Elle a été supprimée en 1790 par l'Assemblée constituante.
Sommaire
Histoire
À la fin du XVIe siècle, les monastères bénédictins de France étaient tombés dans la désorganisation et le laxisme. Dans l'abbaye de Saint-Vanne, près de Verdun, une réforme fut initiée par dom Didier de La Cour, et elle s'étendit à d'autres maisons en Lorraine ; 1604 vit l'établissement de la congrégation réformée de Saint-Vanne, dont les membres les plus distingués furent Ceillier et Calmet. Un certain nombre de maisons françaises rejoignirent la nouvelle congrégation, mais comme la Lorraine était alors encore indépendante de la couronne de France, on jugea souhaitable de créer sur le même modèle une autre congrégation pour la France et c'est ainsi qu'en 1621 fut érigée par le pape Grégoire XV la fameuse Congrégation française de Saint-Maur.
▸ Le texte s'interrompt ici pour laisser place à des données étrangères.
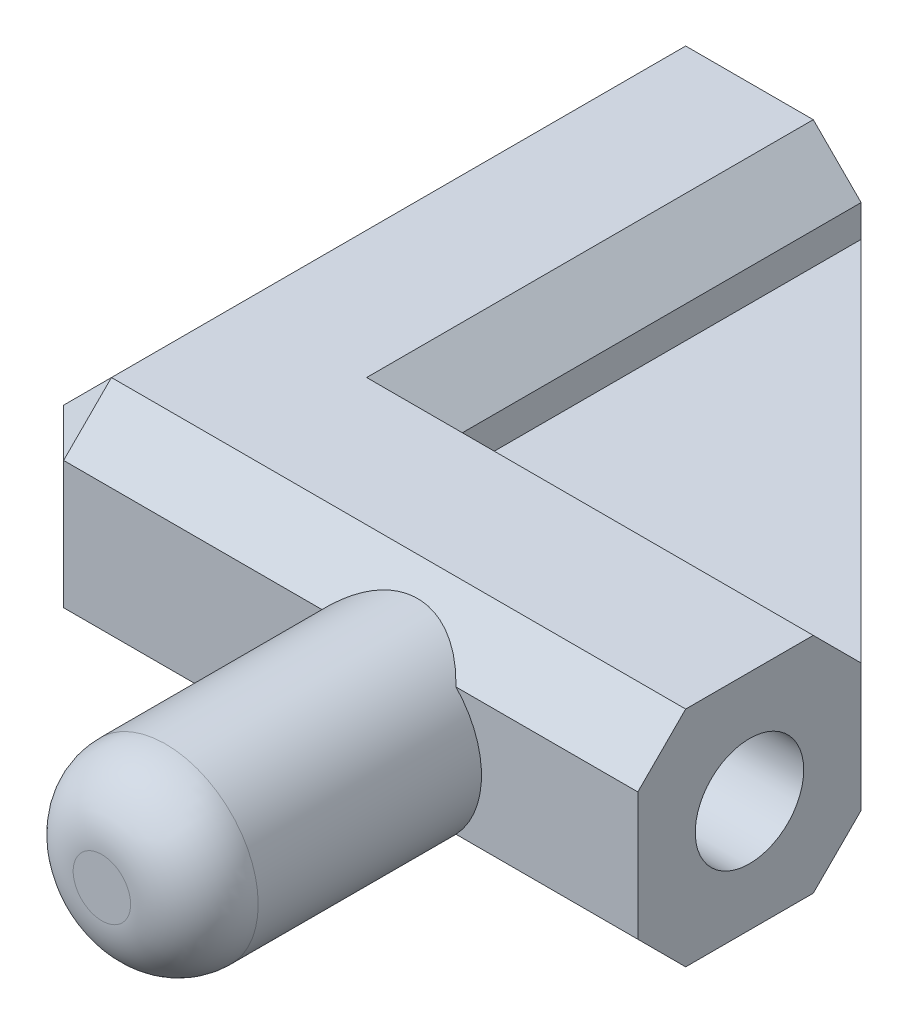
ISO-10303-21;
HEADER;
FILE_DESCRIPTION(('STEP AP214'),'2;1');
FILE_NAME('part.step','',(''),(''),'','','');
FILE_SCHEMA(('AUTOMOTIVE_DESIGN { 1 0 10303 214 1 1 1 1 }'));
ENDSEC;
DATA;
#1=APPLICATION_CONTEXT('core data for automotive mechanical design processes');
#2=APPLICATION_PROTOCOL_DEFINITION('international standard','automotive_design',2000,#1);
#3=PRODUCT_CONTEXT('',#1,'mechanical');
#4=PRODUCT('Part','Part','',(#3));
#5=PRODUCT_RELATED_PRODUCT_CATEGORY('part','',(#4));
#6=PRODUCT_DEFINITION_FORMATION('','',#4);
#7=PRODUCT_DEFINITION_CONTEXT('part definition',#1,'design');
#8=PRODUCT_DEFINITION('design','',#6,#7);
#9=PRODUCT_DEFINITION_SHAPE('','',#8);
#10=(LENGTH_UNIT() NAMED_UNIT(*) SI_UNIT(.MILLI.,.METRE.));
#11=(NAMED_UNIT(*) PLANE_ANGLE_UNIT() SI_UNIT($,.RADIAN.));
#12=(NAMED_UNIT(*) SI_UNIT($,.STERADIAN.) SOLID_ANGLE_UNIT());
#13=UNCERTAINTY_MEASURE_WITH_UNIT(LENGTH_MEASURE(1.E-05),#10,'distance_accuracy_value','');
#14=(GEOMETRIC_REPRESENTATION_CONTEXT(3) GLOBAL_UNCERTAINTY_ASSIGNED_CONTEXT((#13)) GLOBAL_UNIT_ASSIGNED_CONTEXT((#10,
#11,#12)) REPRESENTATION_CONTEXT('',''));
#15=CARTESIAN_POINT('',(0.,0.,0.));
#16=DIRECTION('',(0.,0.,1.));
#17=DIRECTION('',(1.,0.,0.));
#18=AXIS2_PLACEMENT_3D('',#15,#16,#17);
#19=CARTESIAN_POINT('',(-3.5,3.5,3.5));
#20=DIRECTION('',(0.,0.,-1.));
#21=DIRECTION('',(-1.,0.,0.));
#22=AXIS2_PLACEMENT_3D('',#19,#20,#21);
#23=PLANE('',#22);
#24=CARTESIAN_POINT('',(8.2,0.,3.5));
#25=DIRECTION('',(0.,0.,1.));
#26=DIRECTION('',(1.,0.,0.));
#27=AXIS2_PLACEMENT_3D('',#24,#25,#26);
#28=CIRCLE('',#27,2.9);
#29=CARTESIAN_POINT('',(10.3,-2.,3.5));
#30=VERTEX_POINT('',#29);
#31=CARTESIAN_POINT('',(10.3,2.,3.5));
#32=VERTEX_POINT('',#31);
#33=EDGE_CURVE('E165',#30,#32,#28,.T.);
#34=ORIENTED_EDGE('',*,*,#33,.F.);
#35=DIRECTION('',(1.,0.,0.));
#36=VECTOR('',#35,1.);
#37=CARTESIAN_POINT('',(-3.5,-2.,3.5));
#38=LINE('',#37,#36);
#39=CARTESIAN_POINT('',(16.,-2.,3.5));
#40=VERTEX_POINT('',#39);
#41=EDGE_CURVE('E195',#30,#40,#38,.T.);
#42=ORIENTED_EDGE('',*,*,#41,.T.);
#43=DIRECTION('',(0.,-1.,0.));
#44=VECTOR('',#43,1.);
#45=CARTESIAN_POINT('',(16.,3.5,3.5));
#46=LINE('',#45,#44);
#47=CARTESIAN_POINT('',(16.,2.,3.5));
#48=VERTEX_POINT('',#47);
#49=EDGE_CURVE('E399',#48,#40,#46,.T.);
#50=ORIENTED_EDGE('',*,*,#49,.F.);
#51=DIRECTION('',(-1.,0.,0.));
#52=VECTOR('',#51,1.);
#53=CARTESIAN_POINT('',(-3.5,2.,3.5));
#54=LINE('',#53,#52);
#55=EDGE_CURVE('E186',#48,#32,#54,.T.);
#56=ORIENTED_EDGE('',*,*,#55,.T.);
#57=EDGE_LOOP('',(#34,#42,#50,#56));
#58=FACE_BOUND('',#57,.T.);
#59=ADVANCED_FACE('F38',(#58),#23,.F.);
#60=CARTESIAN_POINT('',(6.1,2.,3.5));
#61=VERTEX_POINT('',#60);
#62=CARTESIAN_POINT('',(6.1,-2.,3.5));
#63=VERTEX_POINT('',#62);
#64=EDGE_CURVE('E53',#61,#63,#28,.T.);
#65=ORIENTED_EDGE('',*,*,#64,.F.);
#66=CARTESIAN_POINT('',(-2.,2.,3.5));
#67=VERTEX_POINT('',#66);
#68=EDGE_CURVE('E175',#61,#67,#54,.T.);
#69=ORIENTED_EDGE('',*,*,#68,.T.);
#70=DIRECTION('',(0.,-1.,0.));
#71=VECTOR('',#70,1.);
#72=CARTESIAN_POINT('',(-2.,3.5,3.5));
#73=LINE('',#72,#71);
#74=CARTESIAN_POINT('',(-2.,-2.,3.5));
#75=VERTEX_POINT('',#74);
#76=EDGE_CURVE('E189',#67,#75,#73,.T.);
#77=ORIENTED_EDGE('',*,*,#76,.T.);
#78=EDGE_CURVE('E178',#75,#63,#38,.T.);
#79=ORIENTED_EDGE('',*,*,#78,.T.);
#80=EDGE_LOOP('',(#65,#69,#77,#79));
#81=FACE_BOUND('',#80,.T.);
#82=ADVANCED_FACE('F174',(#81),#23,.F.);
#83=CARTESIAN_POINT('',(16.,3.5,-3.5));
#84=DIRECTION('',(0.,0.,1.));
#85=DIRECTION('',(1.,0.,0.));
#86=AXIS2_PLACEMENT_3D('',#83,#84,#85);
#87=PLANE('',#86);
#88=DIRECTION('',(0.,-1.,0.));
#89=VECTOR('',#88,1.);
#90=CARTESIAN_POINT('',(16.,3.5,-3.5));
#91=LINE('',#90,#89);
#92=CARTESIAN_POINT('',(16.,-1.,-3.5));
#93=VERTEX_POINT('',#92);
#94=CARTESIAN_POINT('',(16.,-2.,-3.5));
#95=VERTEX_POINT('',#94);
#96=EDGE_CURVE('E396',#93,#95,#91,.T.);
#97=ORIENTED_EDGE('',*,*,#96,.T.);
#98=DIRECTION('',(-1.,0.,0.));
#99=VECTOR('',#98,1.);
#100=CARTESIAN_POINT('',(16.,-2.,-3.5));
#101=LINE('',#100,#99);
#102=CARTESIAN_POINT('',(3.5,-2.,-3.5));
#103=VERTEX_POINT('',#102);
#104=EDGE_CURVE('E187',#95,#103,#101,.T.);
#105=ORIENTED_EDGE('',*,*,#104,.T.);
#106=DIRECTION('',(0.,-1.,0.));
#107=VECTOR('',#106,1.);
#108=CARTESIAN_POINT('',(3.5,3.5,-3.5));
#109=LINE('',#108,#107);
#110=CARTESIAN_POINT('',(3.5,-1.,-3.5));
#111=VERTEX_POINT('',#110);
#112=EDGE_CURVE('E381',#111,#103,#109,.T.);
#113=ORIENTED_EDGE('',*,*,#112,.F.);
#114=DIRECTION('',(1.,0.,0.));
#115=VECTOR('',#114,1.);
#116=CARTESIAN_POINT('',(16.,-1.,-3.5));
#117=LINE('',#116,#115);
#118=EDGE_CURVE('E425',#111,#93,#117,.T.);
#119=ORIENTED_EDGE('',*,*,#118,.T.);
#120=EDGE_LOOP('',(#97,#105,#113,#119));
#121=FACE_BOUND('',#120,.T.);
#122=ADVANCED_FACE('F240',(#121),#87,.F.);
#123=CARTESIAN_POINT('',(3.5,3.5,-3.5));
#124=DIRECTION('',(-1.,0.,0.));
#125=DIRECTION('',(0.,0.,1.));
#126=AXIS2_PLACEMENT_3D('',#123,#124,#125);
#127=PLANE('',#126);
#128=ORIENTED_EDGE('',*,*,#112,.T.);
#129=DIRECTION('',(0.,0.,-1.));
#130=VECTOR('',#129,1.);
#131=CARTESIAN_POINT('',(3.5,-2.,-3.5));
#132=LINE('',#131,#130);
#133=CARTESIAN_POINT('',(3.5,-2.,-16.));
#134=VERTEX_POINT('',#133);
#135=EDGE_CURVE('E353',#103,#134,#132,.T.);
#136=ORIENTED_EDGE('',*,*,#135,.T.);
#137=DIRECTION('',(0.,-1.,0.));
#138=VECTOR('',#137,1.);
#139=CARTESIAN_POINT('',(3.5,3.5,-16.));
#140=LINE('',#139,#138);
#141=CARTESIAN_POINT('',(3.5,-1.,-16.));
#142=VERTEX_POINT('',#141);
#143=EDGE_CURVE('E378',#142,#134,#140,.T.);
#144=ORIENTED_EDGE('',*,*,#143,.F.);
#145=DIRECTION('',(0.,0.,1.));
#146=VECTOR('',#145,1.);
#147=CARTESIAN_POINT('',(3.5,-1.,-3.5));
#148=LINE('',#147,#146);
#149=EDGE_CURVE('E204',#142,#111,#148,.T.);
#150=ORIENTED_EDGE('',*,*,#149,.T.);
#151=EDGE_LOOP('',(#128,#136,#144,#150));
#152=FACE_BOUND('',#151,.T.);
#153=ADVANCED_FACE('F251',(#152),#127,.F.);
#154=CARTESIAN_POINT('',(3.5,3.5,-16.));
#155=DIRECTION('',(0.,0.,1.));
#156=DIRECTION('',(1.,0.,0.));
#157=AXIS2_PLACEMENT_3D('',#154,#155,#156);
#158=PLANE('',#157);
#159=CARTESIAN_POINT('',(0.,0.,-16.));
#160=DIRECTION('',(0.,0.,-1.));
#161=DIRECTION('',(-1.,0.,0.));
#162=AXIS2_PLACEMENT_3D('',#159,#160,#161);
#163=CIRCLE('',#162,1.7);
#164=CARTESIAN_POINT('',(-1.7,0.,-16.));
#165=VERTEX_POINT('',#164);
#166=EDGE_CURVE('E444',#165,#165,#163,.T.);
#167=ORIENTED_EDGE('',*,*,#166,.F.);
#168=EDGE_LOOP('',(#167));
#169=FACE_BOUND('',#168,.T.);
#170=DIRECTION('',(-1.,0.,0.));
#171=VECTOR('',#170,1.);
#172=CARTESIAN_POINT('',(3.5,3.5,-16.));
#173=LINE('',#172,#171);
#174=CARTESIAN_POINT('',(2.,3.5,-16.));
#175=VERTEX_POINT('',#174);
#176=CARTESIAN_POINT('',(-2.,3.5,-16.));
#177=VERTEX_POINT('',#176);
#178=EDGE_CURVE('E388',#175,#177,#173,.T.);
#179=ORIENTED_EDGE('',*,*,#178,.F.);
#180=DIRECTION('',(0.707106781186546,-0.707106781186549,0.));
#181=VECTOR('',#180,1.);
#182=CARTESIAN_POINT('',(2.,3.5,-16.));
#183=LINE('',#182,#181);
#184=CARTESIAN_POINT('',(3.5,2.,-16.));
#185=VERTEX_POINT('',#184);
#186=EDGE_CURVE('E349',#175,#185,#183,.T.);
#187=ORIENTED_EDGE('',*,*,#186,.T.);
#188=CARTESIAN_POINT('',(3.5,1.,-16.));
#189=VERTEX_POINT('',#188);
#190=EDGE_CURVE('E384',#185,#189,#140,.T.);
#191=ORIENTED_EDGE('',*,*,#190,.T.);
#192=DIRECTION('',(0.,-1.,0.));
#193=VECTOR('',#192,1.);
#194=CARTESIAN_POINT('',(3.5,1.,-16.));
#195=LINE('',#194,#193);
#196=EDGE_CURVE('E383',#189,#142,#195,.T.);
#197=ORIENTED_EDGE('',*,*,#196,.T.);
#198=ORIENTED_EDGE('',*,*,#143,.T.);
#199=DIRECTION('',(0.707106781186548,0.707106781186547,0.));
#200=VECTOR('',#199,1.);
#201=CARTESIAN_POINT('',(3.5,-2.,-16.));
#202=LINE('',#201,#200);
#203=CARTESIAN_POINT('',(2.,-3.5,-16.));
#204=VERTEX_POINT('',#203);
#205=EDGE_CURVE('E342',#134,#204,#202,.F.);
#206=ORIENTED_EDGE('',*,*,#205,.T.);
#207=DIRECTION('',(-1.,0.,0.));
#208=VECTOR('',#207,1.);
#209=CARTESIAN_POINT('',(3.5,-3.5,-16.));
#210=LINE('',#209,#208);
#211=CARTESIAN_POINT('',(-2.,-3.5,-16.));
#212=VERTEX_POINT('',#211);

La plupart des monastères bénédictins de France, à l'exception de ceux qui appartenaient à Cluny, rejoignirent peu à peu la nouvelle congrégation, qui atteindra son apogée dans les années 1690-1700 avec 190 monastères répartis en 6 provinces (France, Normandie, Bretagne, Gascogne, Chezal-Benoît et Bourgogne). La maison mère était à Saint-Germain-des-Prés, à Paris, c'était la résidence du Supérieur général et le centre de l'activité littéraire de la congrégation. Le Chapitre général (réuni tous les trois ans) désignait l'ensemble des prieurs locaux (pour au maximum deux mandats triennaux successifs dans le même monastère), les six visiteurs provinciaux, le Supérieur général et ses deux assistants. Chaque province avait son noviciat et ses maisons d'études.
Au départ, l'idée principale n'était pas d'entreprendre des travaux littéraires et historiques, mais de revenir à un régime monastique strict et à l'accomplissement fidèle de la vie bénédictine ; et tout au long de la période la plus glorieuse de l'histoire des Mauristes on n'autorisa pas le travail d'érudition à gêner l'exécution obligatoire de l'office du chœur et les autres devoirs de la vie monastique. Vers la fin du XVIIIe siècle une tendance s'insinua quelquefois à desserrer l'observance monastique en faveur de l'étude, mais les constitutions de 1770 montrent qu'un régime monastique strict fut maintenu jusqu'au bout.
L'histoire des Mauristes et leurs travaux furent traversés par les controverses ecclésiastiques qui déchirèrent l'Église de France au cours des XVIIe et XVIIIe siècles. Certains de ses membres s'identifièrent à la cause janséniste, mais la plupart, y compris presque tous les plus grands noms, suivirent une voie moyenne, s'opposant à la théologie morale relâchée, condamnée en 1679 par le pape Innocent XI, et adhérant à des opinions bien fermes sur la grâce et la prédestination associées aux écoles augustinienne et thomiste de la théologie catholique romaine ; en même temps, comme toutes les écoles et les facultés de théologie sur le sol français, ils étaient tenus d'enseigner les quatre articles gallicans.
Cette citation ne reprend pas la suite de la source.